Your goal
What are the lines from the top of the entries below through the line containing "#11,#12)) REPRESENTATION_CONTEXT('',''));"? Return them exactly, both ends included, without the pictures.

Dataset
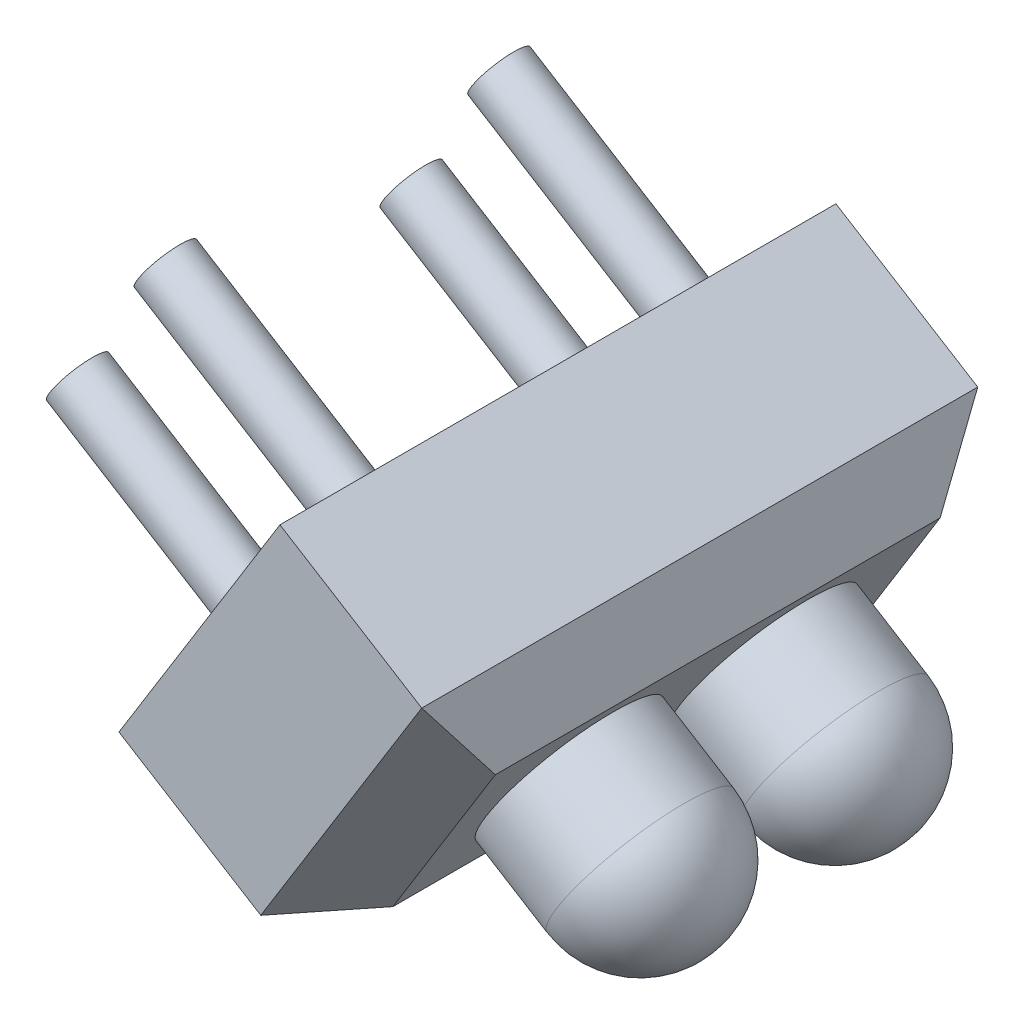
ISO-10303-21;
HEADER;
FILE_DESCRIPTION(('STEP AP214'),'2;1');
FILE_NAME('part.step','',(''),(''),'','','');
FILE_SCHEMA(('AUTOMOTIVE_DESIGN { 1 0 10303 214 1 1 1 1 }'));
ENDSEC;
DATA;
#1=APPLICATION_CONTEXT('core data for automotive mechanical design processes');
#2=APPLICATION_PROTOCOL_DEFINITION('international standard','automotive_design',2000,#1);
#3=PRODUCT_CONTEXT('',#1,'mechanical');
#4=PRODUCT('Part','Part','',(#3));
#5=PRODUCT_RELATED_PRODUCT_CATEGORY('part','',(#4));
#6=PRODUCT_DEFINITION_FORMATION('','',#4);
#7=PRODUCT_DEFINITION_CONTEXT('part definition',#1,'design');
#8=PRODUCT_DEFINITION('design','',#6,#7);
#9=PRODUCT_DEFINITION_SHAPE('','',#8);
#10=(LENGTH_UNIT() NAMED_UNIT(*) SI_UNIT(.MILLI.,.METRE.));
#11=(NAMED_UNIT(*) PLANE_ANGLE_UNIT() SI_UNIT($,.RADIAN.));
#12=(NAMED_UNIT(*) SI_UNIT($,.STERADIAN.) SOLID_ANGLE_UNIT());
#13=UNCERTAINTY_MEASURE_WITH_UNIT(LENGTH_MEASURE(1.E-05),#10,'distance_accuracy_value','');
#14=(GEOMETRIC_REPRESENTATION_CONTEXT(3) GLOBAL_UNCERTAINTY_ASSIGNED_CONTEXT((#13)) GLOBAL_UNIT_ASSIGNED_CONTEXT((#10,
#11,#12)) REPRESENTATION_CONTEXT('',''));
#15=CARTESIAN_POINT('',(0.,0.,0.));
#16=DIRECTION('',(0.,0.,1.));
#17=DIRECTION('',(1.,0.,0.));
#18=AXIS2_PLACEMENT_3D('',#15,#16,#17);
#19=CARTESIAN_POINT('',(-10.8716272687585,-17.7621904380699,9.99999999999932));
#20=DIRECTION('',(0.850181774681174,-0.526489268646541,0.));
#21=DIRECTION('',(0.526489268646541,0.850181774681174,0.));
#22=AXIS2_PLACEMENT_3D('',#19,#20,#21);
#23=CYLINDRICAL_SURFACE('',#22,0.500000000000001);
#24=CARTESIAN_POINT('',(-9.59635460673675,-18.5519243410397,9.99999999999931));
#25=DIRECTION('',(0.850181774681174,-0.526489268646541,0.));
#26=DIRECTION('',(0.526489268646541,0.850181774681174,0.));
#27=AXIS2_PLACEMENT_3D('',#24,#25,#26);
#28=CIRCLE('',#27,0.500000000000001);
#29=CARTESIAN_POINT('',(-9.33310997241347,-18.1268334536991,9.99999999999931));
#30=VERTEX_POINT('',#29);
#31=EDGE_CURVE('E13',#30,#30,#28,.F.);
#32=ORIENTED_EDGE('',*,*,#31,.F.);
#33=EDGE_LOOP('',(#32));
#34=FACE_BOUND('',#33,.T.);
#35=CARTESIAN_POINT('',(-6.19562750801203,-20.6578814156259,9.99999999999929));
#36=DIRECTION('',(0.850181774681174,-0.526489268646541,0.));
#37=DIRECTION('',(0.526489268646541,0.850181774681174,0.));
#38=AXIS2_PLACEMENT_3D('',#35,#36,#37);
#39=CIRCLE('',#38,0.500000000000001);
#40=CARTESIAN_POINT('',(-5.93238287368875,-20.2327905282853,9.99999999999929));
#41=VERTEX_POINT('',#40);
#42=EDGE_CURVE('E266',#41,#41,#39,.T.);
#43=ORIENTED_EDGE('',*,*,#42,.F.);
#44=EDGE_LOOP('',(#43));
#45=FACE_BOUND('',#44,.T.);
#46=ADVANCED_FACE('F259',(#34,#45),#23,.T.);
#47=CARTESIAN_POINT('',(-6.19562750801203,-20.6578814156259,9.99999999999929));
#48=DIRECTION('',(0.850181774681174,-0.526489268646541,0.));
#49=DIRECTION('',(0.526489268646541,0.850181774681174,0.));
#50=AXIS2_PLACEMENT_3D('',#47,#48,#49);
#51=PLANE('',#50);
#52=ORIENTED_EDGE('',*,*,#42,.T.);
#53=EDGE_LOOP('',(#52));
#54=FACE_BOUND('',#53,.T.);
#55=ADVANCED_FACE('F272',(#54),#51,.T.);
#56=CARTESIAN_POINT('',(11.4632161391248,15.4553466462074,-1.66728439301483));
#57=DIRECTION('',(0.850181774681174,-0.526489268646541,0.));
#58=DIRECTION('',(0.526489268646541,0.850181774681174,0.));
#59=AXIS2_PLACEMENT_3D('',#56,#57,#58);
#60=PLANE('',#59);
#61=ORIENTED_EDGE('',*,*,#31,.T.);
#62=EDGE_LOOP('',(#61));
#63=FACE_BOUND('',#62,.T.);
#64=ADVANCED_FACE('F261',(#63),#60,.F.);
#65=CLOSED_SHELL('',(#46,#55,#64));
#66=MANIFOLD_SOLID_BREP('B2',#65);
#67=CARTESIAN_POINT('',(-6.19562750801206,-20.6578814156259,3.99999999999996));
#68=DIRECTION('',(0.850181774681174,-0.526489268646541,0.));
#69=DIRECTION('',(0.526489268646541,0.850181774681174,0.));
#70=AXIS2_PLACEMENT_3D('',#67,#68,#69);
#71=PLANE('',#70);
#72=CARTESIAN_POINT('',(-6.19562750801206,-20.6578814156259,3.99999999999996));
#73=DIRECTION('',(0.850181774681174,-0.526489268646541,0.));
#74=DIRECTION('',(0.526489268646541,0.850181774681174,0.));
#75=AXIS2_PLACEMENT_3D('',#72,#73,#74);
#76=CIRCLE('',#75,0.500000000000001);
#77=CARTESIAN_POINT('',(-5.93238287368878,-20.2327905282853,3.99999999999996));
#78=VERTEX_POINT('',#77);
#79=EDGE_CURVE('E315',#78,#78,#76,.T.);
#80=ORIENTED_EDGE('',*,*,#79,.T.);
#81=EDGE_LOOP('',(#80));
#82=FACE_BOUND('',#81,.T.);
#83=ADVANCED_FACE('F308',(#82),#71,.T.);
#84=CARTESIAN_POINT('',(-10.8716272687585,-17.7621904380699,4.));
#85=DIRECTION('',(0.850181774681174,-0.526489268646541,0.));
#86=DIRECTION('',(0.526489268646541,0.850181774681174,0.));
#87=AXIS2_PLACEMENT_3D('',#84,#85,#86);
#88=CYLINDRICAL_SURFACE('',#87,0.500000000000001);
#89=CARTESIAN_POINT('',(-9.59635460673681,-18.5519243410397,3.99999999999999));
#90=DIRECTION('',(0.850181774681174,-0.526489268646541,0.));
#91=DIRECTION('',(0.526489268646541,0.850181774681174,0.));
#92=AXIS2_PLACEMENT_3D('',#89,#90,#91);
#93=CIRCLE('',#92,0.500000000000001);
#94=CARTESIAN_POINT('',(-9.33310997241354,-18.1268334536991,3.99999999999999));
#95=VERTEX_POINT('',#94);
#96=EDGE_CURVE('E258',#95,#95,#93,.F.);
#97=ORIENTED_EDGE('',*,*,#96,.F.);
#98=EDGE_LOOP('',(#97));
#99=FACE_BOUND('',#98,.T.);
#100=ORIENTED_EDGE('',*,*,#79,.F.);
#101=EDGE_LOOP('',(#100));
#102=FACE_BOUND('',#101,.T.);
#103=ADVANCED_FACE('F322',(#99,#102),#88,.T.);
#104=CARTESIAN_POINT('',(11.4632161391248,15.4553466462074,-1.66728439301483));
#105=DIRECTION('',(0.850181774681174,-0.526489268646541,0.));
#106=DIRECTION('',(0.526489268646541,0.850181774681174,0.));
#107=AXIS2_PLACEMENT_3D('',#104,#105,#106);
#108=PLANE('',#107);
#109=ORIENTED_EDGE('',*,*,#96,.T.);
#110=EDGE_LOOP('',(#109));
#111=FACE_BOUND('',#110,.T.);
#112=ADVANCED_FACE('F310',(#111),#108,.F.);
#113=CLOSED_SHELL('',(#83,#103,#112));
#114=MANIFOLD_SOLID_BREP('B8',#113);
#115=CARTESIAN_POINT('',(-7.77509531395168,-23.2084267396694,3.99999999999997));
#116=DIRECTION('',(0.850181774681174,-0.526489268646541,0.));
#117=DIRECTION('',(0.526489268646541,0.850181774681174,0.));
#118=AXIS2_PLACEMENT_3D('',#115,#116,#117);
#119=PLANE('',#118);
#120=CARTESIAN_POINT('',(-7.77509531395168,-23.2084267396694,3.99999999999997));
#121=DIRECTION('',(0.850181774681174,-0.526489268646541,0.));
#122=DIRECTION('',(0.526489268646541,0.850181774681174,0.));
#123=AXIS2_PLACEMENT_3D('',#120,#121,#122);
#124=CIRCLE('',#123,0.500000000000002);
#125=CARTESIAN_POINT('',(-7.51185067962841,-22.7833358523288,3.99999999999997));
#126=VERTEX_POINT('',#125);
#127=EDGE_CURVE('E367',#126,#126,#124,.T.);
#128=ORIENTED_EDGE('',*,*,#127,.T.);
#129=EDGE_LOOP('',(#128));
#130=FACE_BOUND('',#129,.T.);
#131=ADVANCED_FACE('F360',(#130),#119,.T.);
#132=CARTESIAN_POINT('',(-12.4510950746981,-20.3127357621134,4.));
#133=DIRECTION('',(0.850181774681174,-0.526489268646541,0.));
#134=DIRECTION('',(0.526489268646541,0.850181774681174,0.));
#135=AXIS2_PLACEMENT_3D('',#132,#133,#134);
#136=CYLINDRICAL_SURFACE('',#135,0.500000000000002);
#137=CARTESIAN_POINT('',(-11.1758224126764,-21.1024696650832,3.99999999999999));
#138=DIRECTION('',(0.850181774681174,-0.526489268646541,0.));
#139=DIRECTION('',(0.526489268646541,0.850181774681174,0.));
#140=AXIS2_PLACEMENT_3D('',#137,#138,#139);
#141=CIRCLE('',#140,0.500000000000002);
#142=CARTESIAN_POINT('',(-10.9125777783532,-20.6773787777426,3.99999999999999));
#143=VERTEX_POINT('',#142);
#144=EDGE_CURVE('E307',#143,#143,#141,.F.);
#145=ORIENTED_EDGE('',*,*,#144,.F.);
#146=EDGE_LOOP('',(#145));
#147=FACE_BOUND('',#146,.T.);
#148=ORIENTED_EDGE('',*,*,#127,.F.);
#149=EDGE_LOOP('',(#148));
#150=FACE_BOUND('',#149,.T.);
#151=ADVANCED_FACE('F374',(#147,#150),#136,.T.);
#152=CARTESIAN_POINT('',(11.4632161391248,15.4553466462074,-1.66728439301483));
#153=DIRECTION('',(0.850181774681174,-0.526489268646541,0.));
#154=DIRECTION('',(0.526489268646541,0.850181774681174,0.));
#155=AXIS2_PLACEMENT_3D('',#152,#153,#154);
#156=PLANE('',#155);
#157=ORIENTED_EDGE('',*,*,#144,.T.);
#158=EDGE_LOOP('',(#157));
#159=FACE_BOUND('',#158,.T.);
#160=ADVANCED_FACE('F362',(#159),#156,.F.);
#161=CLOSED_SHELL('',(#131,#151,#160));
#162=MANIFOLD_SOLID_BREP('B253',#161);
#163=CARTESIAN_POINT('',(-2.13678882347914,-21.7011112718606,11.9999999999993));
#164=DIRECTION('',(0.,0.,-1.));
#165=DIRECTION('',(-1.,0.,0.));
#166=AXIS2_PLACEMENT_3D('',#163,#164,#165);
#167=PLANE('',#166);
#168=DIRECTION('',(-0.850181774681174,0.526489268646541,0.));
#169=VECTOR('',#168,1.);
#170=CARTESIAN_POINT('',(-5.03247980103512,-26.3771110326071,11.9999999999993));
#171=LINE('',#170,#169);
#172=CARTESIAN_POINT('',(-5.88266157571629,-25.8506217639605,11.9999999999993));
#173=VERTEX_POINT('',#172);
#174=CARTESIAN_POINT('',(-8.43320689975981,-24.2711539580209,11.9999999999993));
#175=VERTEX_POINT('',#174);
#176=EDGE_CURVE('E461',#173,#175,#171,.T.);
#177=ORIENTED_EDGE('',*,*,#176,.F.);
#178=DIRECTION('',(0.526489268646542,0.850181774681174,0.));
#179=VECTOR('',#178,1.);
#180=CARTESIAN_POINT('',(-2.98697059816032,-21.1746220032141,11.9999999999993));
#181=LINE('',#180,#179);
#182=CARTESIAN_POINT('',(-2.98697059816032,-21.1746220032141,11.9999999999993));
#183=VERTEX_POINT('',#182);
#184=EDGE_CURVE('E424',#173,#183,#181,.T.);
#185=ORIENTED_EDGE('',*,*,#184,.T.);
#186=DIRECTION('',(-0.850181774681174,0.526489268646541,0.));
#187=VECTOR('',#186,1.);
#188=CARTESIAN_POINT('',(-2.13678882347914,-21.7011112718606,11.9999999999993));
#189=LINE('',#188,#187);
#190=CARTESIAN_POINT('',(-5.53751592220384,-19.5951541972744,11.9999999999993));
#191=VERTEX_POINT('',#190);
#192=EDGE_CURVE('E478',#183,#191,#189,.T.);
#193=ORIENTED_EDGE('',*,*,#192,.T.);
#194=DIRECTION('',(-0.526489268646542,-0.850181774681174,0.));
#195=VECTOR('',#194,1.);
#196=CARTESIAN_POINT('',(-5.53751592220384,-19.5951541972744,11.9999999999993));
#197=LINE('',#196,#195);
#198=EDGE_CURVE('E474',#191,#175,#197,.T.);
#199=ORIENTED_EDGE('',*,*,#198,.T.);
#200=EDGE_LOOP('',(#177,#185,#193,#199));
#201=FACE_BOUND('',#200,.T.);
#202=ADVANCED_FACE('F409',(#201),#167,.F.);
#203=CARTESIAN_POINT('',(-5.03247980103512,-26.3771110326071,11.9999999999993));
#204=DIRECTION('',(0.526489268646541,0.850181774681174,0.));
#205=DIRECTION('',(-0.850181774681174,0.526489268646541,0.));
#206=AXIS2_PLACEMENT_3D('',#203,#204,#205);
#207=PLANE('',#206);
#208=DIRECTION('',(-0.850181774681174,0.526489268646541,0.));
#209=VECTOR('',#208,1.);
#210=CARTESIAN_POINT('',(-5.03247980103517,-26.377111032607,1.99999999999926));
#211=LINE('',#210,#209);
#212=CARTESIAN_POINT('',(-5.88266157571634,-25.8506217639605,1.99999999999927));
#213=VERTEX_POINT('',#212);
#214=CARTESIAN_POINT('',(-8.43320689975987,-24.2711539580209,1.99999999999928));
#215=VERTEX_POINT('',#214);
#216=EDGE_CURVE('E468',#213,#215,#211,.T.);
#217=ORIENTED_EDGE('',*,*,#216,.F.);
#218=DIRECTION('',(0.,0.,1.));
#219=VECTOR('',#218,1.);
#220=CARTESIAN_POINT('',(-5.88266157571629,-25.8506217639605,11.9999999999993));
#221=LINE('',#220,#219);
#222=EDGE_CURVE('E432',#213,#173,#221,.T.);
#223=ORIENTED_EDGE('',*,*,#222,.T.);
#224=ORIENTED_EDGE('',*,*,#176,.T.);
#225=DIRECTION('',(0.,0.,-1.));
#226=VECTOR('',#225,1.);
#227=CARTESIAN_POINT('',(-8.43320689975981,-24.2711539580209,11.9999999999993));
#228=LINE('',#227,#226);
#229=EDGE_CURVE('E464',#175,#215,#228,.T.);
#230=ORIENTED_EDGE('',*,*,#229,.T.);
#231=EDGE_LOOP('',(#217,#223,#224,#230));
#232=FACE_BOUND('',#231,.T.);
#233=ADVANCED_FACE('F463',(#232),#207,.F.);
#234=CARTESIAN_POINT('',(-2.13678882347919,-21.7011112718606,1.99999999999926));
#235=DIRECTION('',(0.,0.,1.));
#236=DIRECTION('',(1.,0.,0.));
#237=AXIS2_PLACEMENT_3D('',#234,#235,#236);
#238=PLANE('',#237);
#239=DIRECTION('',(-0.850181774681174,0.526489268646541,0.));
#240=VECTOR('',#239,1.);
#241=CARTESIAN_POINT('',(-2.13678882347919,-21.7011112718606,1.99999999999926));
#242=LINE('',#241,#240);
#243=CARTESIAN_POINT('',(-2.98697059816037,-21.174622003214,1.99999999999927));
#244=VERTEX_POINT('',#243);
#245=CARTESIAN_POINT('',(-5.53751592220389,-19.5951541972744,1.99999999999929));
#246=VERTEX_POINT('',#245);
#247=EDGE_CURVE('E493',#244,#246,#242,.T.);
#248=ORIENTED_EDGE('',*,*,#247,.F.);
#249=DIRECTION('',(-0.526489268646542,-0.850181774681174,0.));
#250=VECTOR('',#249,1.);
#251=CARTESIAN_POINT('',(-5.88266157571635,-25.8506217639605,1.99999999999927));
#252=LINE('',#251,#250);
#253=EDGE_CURVE('E504',#244,#213,#252,.T.);
#254=ORIENTED_EDGE('',*,*,#253,.T.);
#255=ORIENTED_EDGE('',*,*,#216,.T.);
#256=DIRECTION('',(0.526489268646541,0.850181774681174,0.));
#257=VECTOR('',#256,1.);
#258=CARTESIAN_POINT('',(-5.53751592220389,-19.5951541972744,1.99999999999929));
#259=LINE('',#258,#257);
#260=EDGE_CURVE('E476',#215,#246,#259,.T.);
#261=ORIENTED_EDGE('',*,*,#260,.T.);
#262=EDGE_LOOP('',(#248,#254,#255,#261));
#263=FACE_BOUND('',#262,.T.);
#264=ADVANCED_FACE('F538',(#263),#238,.F.);
#265=CARTESIAN_POINT('',(-2.13678882347914,-21.7011112718606,11.9999999999993));
#266=DIRECTION('',(-0.526489268646541,-0.850181774681174,0.));
#267=DIRECTION('',(0.850181774681174,-0.526489268646541,0.));
#268=AXIS2_PLACEMENT_3D('',#265,#266,#267);
#269=PLANE('',#268);
#270=ORIENTED_EDGE('',*,*,#192,.F.);
#271=DIRECTION('',(0.,0.,-1.));
#272=VECTOR('',#271,1.);
#273=CARTESIAN_POINT('',(-2.98697059816037,-21.174622003214,1.99999999999927));
#274=LINE('',#273,#272);
#275=EDGE_CURVE('E509',#183,#244,#274,.T.);
#276=ORIENTED_EDGE('',*,*,#275,.T.);
#277=ORIENTED_EDGE('',*,*,#247,.T.);
#278=DIRECTION('',(0.,0.,1.));
#279=VECTOR('',#278,1.);
#280=CARTESIAN_POINT('',(-5.53751592220384,-19.5951541972744,11.9999999999993));
#281=LINE('',#280,#279);
#282=EDGE_CURVE('E490',#246,#191,#281,.T.);
#283=ORIENTED_EDGE('',*,*,#282,.T.);
#284=EDGE_LOOP('',(#270,#276,#277,#283));
#285=FACE_BOUND('',#284,.T.);
#286=ADVANCED_FACE('F569',(#285),#269,.F.);
#287=CARTESIAN_POINT('',(8.16917842128115,-5.05890022645608,0.));
#288=DIRECTION('',(0.850181774681174,-0.526489268646542,0.));
#289=DIRECTION('',(0.526489268646542,0.850181774681174,0.));
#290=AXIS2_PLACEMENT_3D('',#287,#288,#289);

Result of the exercise
ISO-10303-21;
HEADER;
FILE_DESCRIPTION(('STEP AP214'),'2;1');
FILE_NAME('part.step','',(''),(''),'','','');
FILE_SCHEMA(('AUTOMOTIVE_DESIGN { 1 0 10303 214 1 1 1 1 }'));
ENDSEC;
DATA;
#1=APPLICATION_CONTEXT('core data for automotive mechanical design processes');
#2=APPLICATION_PROTOCOL_DEFINITION('international standard','automotive_design',2000,#1);
#3=PRODUCT_CONTEXT('',#1,'mechanical');
#4=PRODUCT('Part','Part','',(#3));
#5=PRODUCT_RELATED_PRODUCT_CATEGORY('part','',(#4));
#6=PRODUCT_DEFINITION_FORMATION('','',#4);
#7=PRODUCT_DEFINITION_CONTEXT('part definition',#1,'design');
#8=PRODUCT_DEFINITION('design','',#6,#7);
#9=PRODUCT_DEFINITION_SHAPE('','',#8);
#10=(LENGTH_UNIT() NAMED_UNIT(*) SI_UNIT(.MILLI.,.METRE.));
#11=(NAMED_UNIT(*) PLANE_ANGLE_UNIT() SI_UNIT($,.RADIAN.));
#12=(NAMED_UNIT(*) SI_UNIT($,.STERADIAN.) SOLID_ANGLE_UNIT());
#13=UNCERTAINTY_MEASURE_WITH_UNIT(LENGTH_MEASURE(1.E-05),#10,'distance_accuracy_value','');
#14=(GEOMETRIC_REPRESENTATION_CONTEXT(3) GLOBAL_UNCERTAINTY_ASSIGNED_CONTEXT((#13)) GLOBAL_UNIT_ASSIGNED_CONTEXT((#10,
#11,#12)) REPRESENTATION_CONTEXT('',''));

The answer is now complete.